Parameters: - arr1 : array
Point coordinates for entries of the first class.
- arr2 : array
Point coordinates for entries of the second class.
- noclass : array
Point coordinates for noclass entries.
- k : int
Number of neighbors to use in the neighborhood majority analysis.
Returns: - arr1 : array
Point coordinates for entries of the first class.
- arr2 : array
Point coordinates for entries of the second class.
-
tlseparation.classification.wlseparation.
wlseparate_abs
(arr, knn, knn_downsample=1, n_classes=3)[source]¶ Classifies a point cloud (arr) into three main classes, wood, leaf and noclass.
The final class selection is based on the absolute value of the last geometric feature (see point_features module). Points will be only classified as wood or leaf if their classification probability is higher than prob_threshold. Otherwise, points are assigned to noclass.
Class selection will mask points with feature value larger than a given threshold as wood and the remaining points as leaf.
Parameters: - arr : array
Three-dimensional point cloud of a single tree to perform the wood-leaf separation. This should be a n-dimensional array (m x n) containing a set of coordinates (n) over a set of points (m).
- knn : int
Number of nearest neighbors to search to constitue the local subset of points around each point in ‘arr’.
- knn_downsample : float
Downsample factor (0, 1) for the knn parameter. If less than 1, a sample of size (knn * knn_downsample) will be selected from the nearest neighbors indices. This option aims to maintain the spatial representation of the local subsets of points, but reducing overhead in memory and processing time.
- n_classes : int
Number of classes to use in the Gaussian Mixture Classification.
Returns: - class_indices : dict
Dictionary containing indices for wood and leaf classes.
- class_probability : dict
Dictionary containing probabilities for wood and leaf classes.
-
tlseparation.classification.wlseparation.
wlseparate_ref_voting
(arr, knn_lst, class_file, n_classes=3)[source]¶ Classifies a point cloud (arr) into two main classes, wood and leaf. Altough this function does not output a noclass category, it still filters out results based on classification confidence interval in the voting process (if lower than prob_threshold, then voting is not used for current point and knn value).
The final class selection is based a voting scheme applied to a similar approach of wlseparate_ref. In this case, the function iterates over a series of knn values and apply the reference distance criteria to select wood and leaf classes.

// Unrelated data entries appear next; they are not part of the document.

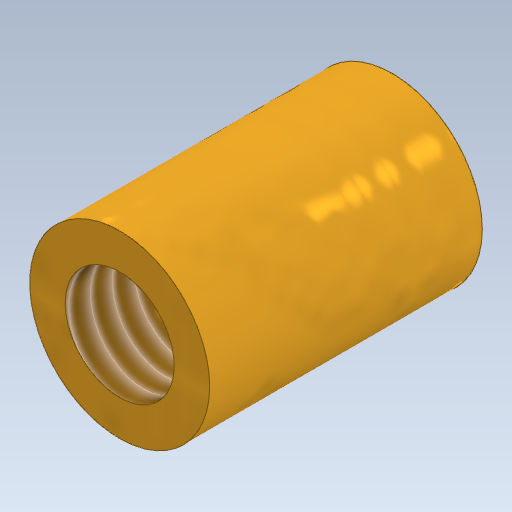
# Autodesk Inventor part: BRM2-4.1
Saved by Autodesk Inventor 2020.4 (Build 244396000, 396)
## iProperties
Part Number: BRM2-4.1
Material: 真鍮
Document SubType Name: Modeling
Designer: Masato Kubotera
Density: 5.54386 g/cm^3
Appearance: 溶接 - 真鍮
Catalog Web Link: https://jp.misumi-ec.com/vona2/detail/221005351346/?HissuCode=BRM2-4.1
Description: ReadyMade
Mass: 0.15 g
Surface Area: 0.94075 cm^2
Volume: 0.027057 cm^3
Author: Masato Kubotera
Autodesk Inventor part; units mm, degrees
ref_plane "YZ Plane" through (0, 0, 0) normal (1, 0, 0) x (0, 1, 0)
ref_plane "XZ Plane" through (0, 0, 0) normal (0, 1, 0) x (-1, 0, 0)
ref_plane "XY Plane" through (0, 0, 0) normal (0, 0, 1) x (1, 0, 0)
sketch "スケッチ1" plane through (0, 0, 0) normal (0, 0, 1) x (1, 0, 0)
  circle A0 centre (0, 0) radius 1.65
  circle A1 centre (0, 0) radius 1
  dimension "d0" = 3.3
  dimension "d1" = 2
  constraints: 2 centre point, 2 coincident
  measures "d0" diameter of A0
  measures "d1" diameter of A1
extrude "押し出し1" add sketch "スケッチ1" along normal blind 5
thread "ねじ1" size "M2x0.4" class "6H" standard "ANSI Metric M Profile" full length

Each knn class result is accumulated in a list and in the end a voting is applied. For each point, if the number of times it was classified as wood is larger than threhsold, the final class is set to wood. Otherwise it is set as leaf.
Class selection will mask points according to their class mean distance to reference classes. The closes reference class gets assignes to each intermediate class.
Parameters: - arr : array
Three-dimensional point cloud of a single tree to perform the wood-leaf separation. This should be a n-dimensional array (m x n) containing a set of coordinates (n) over a set of points (m).
- knn_lst : list
List of knn values to use in the search to constitue local subsets of points around each point in ‘arr’. It can be a single knn value, as long as it has list data type.
- class_file : pandas dataframe or str
Dataframe or path to reference classes file.
- n_classes : int
Number of classes to use in the Gaussian Mixture Classification.
Returns: - class_dict : dict
Dictionary containing indices for all classes in class_ref. Classes are labeled according to classes names in class_file.
- count_dict : dict
Dictionary containin votes count for all classes in class_ref. Classes are labeled according to classes names in class_file.
- prob_dict : dict
Dictionary containing probabilities for all classes in class_ref. Classes are labeled according to classes names in class_file.